Without including any pictures, write out the listing below exactly.

━━━━━━━━━━━━━━━━━━━━━━━━━━━━━━

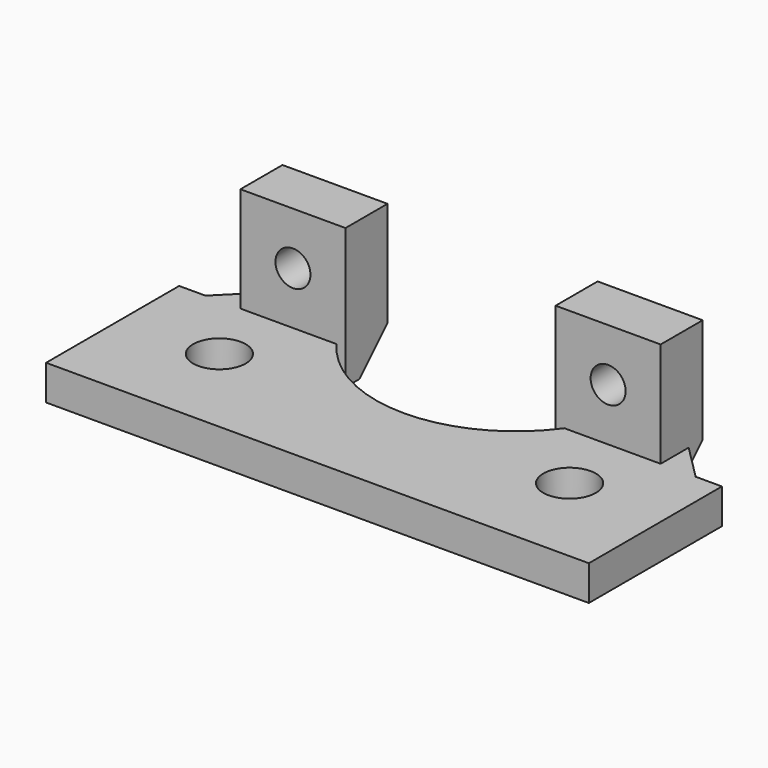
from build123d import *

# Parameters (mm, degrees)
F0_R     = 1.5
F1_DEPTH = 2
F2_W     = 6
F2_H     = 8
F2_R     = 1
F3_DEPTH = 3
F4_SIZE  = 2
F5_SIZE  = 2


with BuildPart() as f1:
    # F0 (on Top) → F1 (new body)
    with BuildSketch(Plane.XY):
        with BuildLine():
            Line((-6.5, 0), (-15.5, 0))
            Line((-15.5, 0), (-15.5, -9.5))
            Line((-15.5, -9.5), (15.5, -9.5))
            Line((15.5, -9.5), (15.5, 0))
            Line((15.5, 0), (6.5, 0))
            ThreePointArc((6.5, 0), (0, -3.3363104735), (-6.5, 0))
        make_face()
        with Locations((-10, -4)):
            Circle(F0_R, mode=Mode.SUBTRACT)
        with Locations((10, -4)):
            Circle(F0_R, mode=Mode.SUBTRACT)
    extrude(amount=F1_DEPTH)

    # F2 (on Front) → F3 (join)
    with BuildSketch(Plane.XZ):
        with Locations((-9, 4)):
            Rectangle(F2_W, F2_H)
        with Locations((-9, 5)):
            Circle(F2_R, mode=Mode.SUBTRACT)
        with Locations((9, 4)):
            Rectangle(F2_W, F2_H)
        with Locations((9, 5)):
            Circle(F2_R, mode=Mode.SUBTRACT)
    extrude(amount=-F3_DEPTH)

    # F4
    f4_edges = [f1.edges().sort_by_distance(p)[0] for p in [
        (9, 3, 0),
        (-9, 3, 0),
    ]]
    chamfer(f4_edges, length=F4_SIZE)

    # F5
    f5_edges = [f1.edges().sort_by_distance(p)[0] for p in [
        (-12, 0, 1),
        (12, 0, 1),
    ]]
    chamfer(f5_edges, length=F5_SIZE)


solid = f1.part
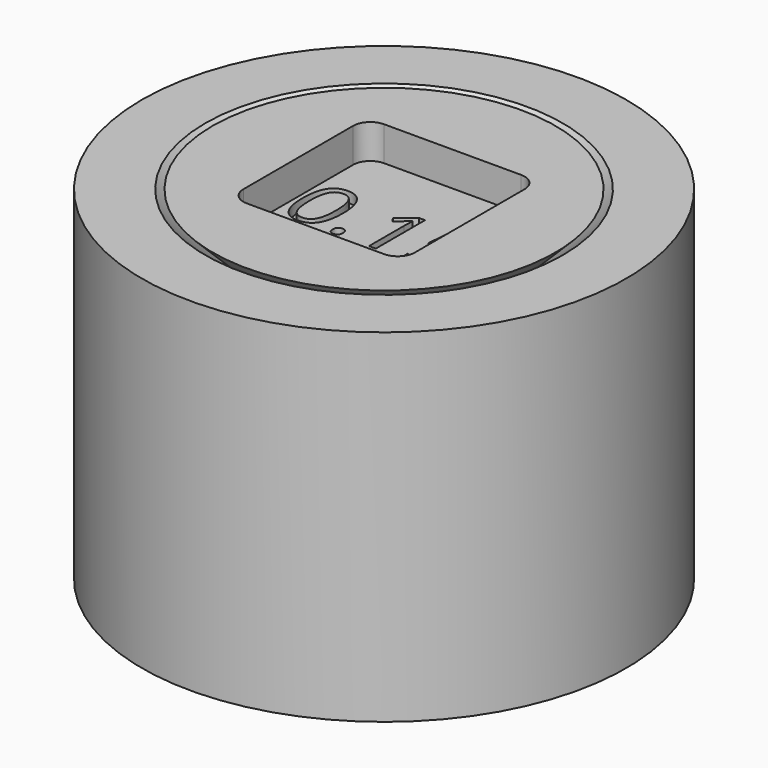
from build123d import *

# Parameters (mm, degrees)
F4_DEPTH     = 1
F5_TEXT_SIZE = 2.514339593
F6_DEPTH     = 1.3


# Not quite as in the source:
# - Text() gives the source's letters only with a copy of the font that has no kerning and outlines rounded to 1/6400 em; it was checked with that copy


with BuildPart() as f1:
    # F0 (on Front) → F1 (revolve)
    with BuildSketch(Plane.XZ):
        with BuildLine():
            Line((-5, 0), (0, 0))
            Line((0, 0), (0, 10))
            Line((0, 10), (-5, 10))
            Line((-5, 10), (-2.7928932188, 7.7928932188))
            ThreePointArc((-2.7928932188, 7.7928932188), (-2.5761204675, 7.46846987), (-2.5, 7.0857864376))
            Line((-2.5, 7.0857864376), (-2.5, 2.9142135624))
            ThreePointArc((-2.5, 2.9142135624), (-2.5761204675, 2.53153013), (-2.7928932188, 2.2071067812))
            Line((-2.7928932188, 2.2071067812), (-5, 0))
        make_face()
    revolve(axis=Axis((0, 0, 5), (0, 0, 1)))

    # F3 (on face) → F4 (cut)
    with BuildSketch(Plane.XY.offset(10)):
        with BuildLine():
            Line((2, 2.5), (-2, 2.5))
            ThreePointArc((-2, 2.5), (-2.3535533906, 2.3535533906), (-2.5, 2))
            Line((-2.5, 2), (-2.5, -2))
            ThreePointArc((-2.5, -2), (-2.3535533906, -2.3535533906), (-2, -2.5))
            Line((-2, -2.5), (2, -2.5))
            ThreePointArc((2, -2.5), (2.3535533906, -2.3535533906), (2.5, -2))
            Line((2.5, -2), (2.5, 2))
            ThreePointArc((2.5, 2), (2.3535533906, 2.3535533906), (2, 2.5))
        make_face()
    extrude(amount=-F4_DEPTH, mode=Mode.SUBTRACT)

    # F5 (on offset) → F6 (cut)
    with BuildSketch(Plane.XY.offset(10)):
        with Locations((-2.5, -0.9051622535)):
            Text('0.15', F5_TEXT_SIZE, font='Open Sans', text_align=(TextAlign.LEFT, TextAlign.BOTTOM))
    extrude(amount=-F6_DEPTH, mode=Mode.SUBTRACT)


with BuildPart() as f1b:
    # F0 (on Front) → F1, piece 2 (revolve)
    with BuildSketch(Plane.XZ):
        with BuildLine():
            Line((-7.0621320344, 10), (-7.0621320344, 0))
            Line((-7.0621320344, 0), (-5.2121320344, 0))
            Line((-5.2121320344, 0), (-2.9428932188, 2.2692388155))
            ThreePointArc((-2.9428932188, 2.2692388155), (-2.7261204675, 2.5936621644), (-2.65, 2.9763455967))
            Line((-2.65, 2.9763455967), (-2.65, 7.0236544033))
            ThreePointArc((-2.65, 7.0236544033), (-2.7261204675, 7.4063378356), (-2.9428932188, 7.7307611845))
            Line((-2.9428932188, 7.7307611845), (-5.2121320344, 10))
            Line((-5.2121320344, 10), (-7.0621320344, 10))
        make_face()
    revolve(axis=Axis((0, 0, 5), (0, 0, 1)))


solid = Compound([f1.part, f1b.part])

━━━━━━━━━━━━━━━━━━━━━━━━━━━━━━

▸ **Solution to this problem**:
from build123d import *

# Parameters (mm, degrees)
F0_R     = 1.5
F1_DEPTH = 2
F2_W     = 6
F2_H     = 8
F2_R     = 1
F3_DEPTH = 3
F4_SIZE  = 2
F5_SIZE  = 2


with BuildPart() as f1:
    # F0 (on Top) → F1 (new body)
    with BuildSketch(Plane.XY):
        with BuildLine():
            Line((-6.5, 0), (-15.5, 0))
            Line((-15.5, 0), (-15.5, -9.5))
            Line((-15.5, -9.5), (15.5, -9.5))
            Line((15.5, -9.5), (15.5, 0))
            Line((15.5, 0), (6.5, 0))
            ThreePointArc((6.5, 0), (0, -3.3363104735), (-6.5, 0))
        make_face()
        with Locations((-10, -4)):
            Circle(F0_R, mode=Mode.SUBTRACT)
        with Locations((10, -4)):
            Circle(F0_R, mode=Mode.SUBTRACT)
    extrude(amount=F1_DEPTH)

    # F2 (on Front) → F3 (join)
    with BuildSketch(Plane.XZ):
        with Locations((-9, 4)):
            Rectangle(F2_W, F2_H)
        with Locations((-9, 5)):
            Circle(F2_R, mode=Mode.SUBTRACT)
        with Locations((9, 4)):
            Rectangle(F2_W, F2_H)
        with Locations((9, 5)):
            Circle(F2_R, mode=Mode.SUBTRACT)
    extrude(amount=-F3_DEPTH)

    # F4
    f4_edges = [f1.edges().sort_by_distance(p)[0] for p in [
        (9, 3, 0),
        (-9, 3, 0),
    ]]
    chamfer(f4_edges, length=F4_SIZE)

    # F5
    f5_edges = [f1.edges().sort_by_distance(p)[0] for p in [
        (-12, 0, 1),
        (12, 0, 1),
    ]]
    chamfer(f5_edges, length=F5_SIZE)


solid = f1.part
from build123d import *

# Parameters (mm, degrees)
F4_DEPTH     = 1
F5_TEXT_SIZE = 2.514339593
F6_DEPTH     = 1.3


# Not quite as in the source:
# - Text() gives the source's letters only with a copy of the font that has no kerning and outlines rounded to 1/6400 em; it was checked with that copy


with BuildPart() as f1:
    # F0 (on Front) → F1 (revolve)
    with BuildSketch(Plane.XZ):
        with BuildLine():
            Line((-5, 0), (0, 0))
            Line((0, 0), (0, 10))
            Line((0, 10), (-5, 10))
            Line((-5, 10), (-2.7928932188, 7.7928932188))
            ThreePointArc((-2.7928932188, 7.7928932188), (-2.5761204675, 7.46846987), (-2.5, 7.0857864376))
            Line((-2.5, 7.0857864376), (-2.5, 2.9142135624))
            ThreePointArc((-2.5, 2.9142135624), (-2.5761204675, 2.53153013), (-2.7928932188, 2.2071067812))
            Line((-2.7928932188, 2.2071067812), (-5, 0))
        make_face()
    revolve(axis=Axis((0, 0, 5), (0, 0, 1)))

    # F3 (on face) → F4 (cut)
    with BuildSketch(Plane.XY.offset(10)):
        with BuildLine():
            Line((2, 2.5), (-2, 2.5))
            ThreePointArc((-2, 2.5), (-2.3535533906, 2.3535533906), (-2.5, 2))
            Line((-2.5, 2), (-2.5, -2))
            ThreePointArc((-2.5, -2), (-2.3535533906, -2.3535533906), (-2, -2.5))
            Line((-2, -2.5), (2, -2.5))
            ThreePointArc((2, -2.5), (2.3535533906, -2.3535533906), (2.5, -2))
            Line((2.5, -2), (2.5, 2))
            ThreePointArc((2.5, 2), (2.3535533906, 2.3535533906), (2, 2.5))
        make_face()
    extrude(amount=-F4_DEPTH, mode=Mode.SUBTRACT)

    # F5 (on offset) → F6 (cut)
    with BuildSketch(Plane.XY.offset(10)):
        with Locations((-2.5, -0.9051622535)):
            Text('0.15', F5_TEXT_SIZE, font='Open Sans', text_align=(TextAlign.LEFT, TextAlign.BOTTOM))
    extrude(amount=-F6_DEPTH, mode=Mode.SUBTRACT)


with BuildPart() as f1b:
    # F0 (on Front) → F1, piece 2 (revolve)
    with BuildSketch(Plane.XZ):
        with BuildLine():
            Line((-7.0621320344, 10), (-7.0621320344, 0))
            Line((-7.0621320344, 0), (-5.2121320344, 0))
            Line((-5.2121320344, 0), (-2.9428932188, 2.2692388155))
            ThreePointArc((-2.9428932188, 2.2692388155), (-2.7261204675, 2.5936621644), (-2.65, 2.9763455967))
            Line((-2.65, 2.9763455967), (-2.65, 7.0236544033))
            ThreePointArc((-2.65, 7.0236544033), (-2.7261204675, 7.4063378356), (-2.9428932188, 7.7307611845))
            Line((-2.9428932188, 7.7307611845), (-5.2121320344, 10))
            Line((-5.2121320344, 10), (-7.0621320344, 10))
        make_face()
    revolve(axis=Axis((0, 0, 5), (0, 0, 1)))


solid = Compound([f1.part, f1b.part])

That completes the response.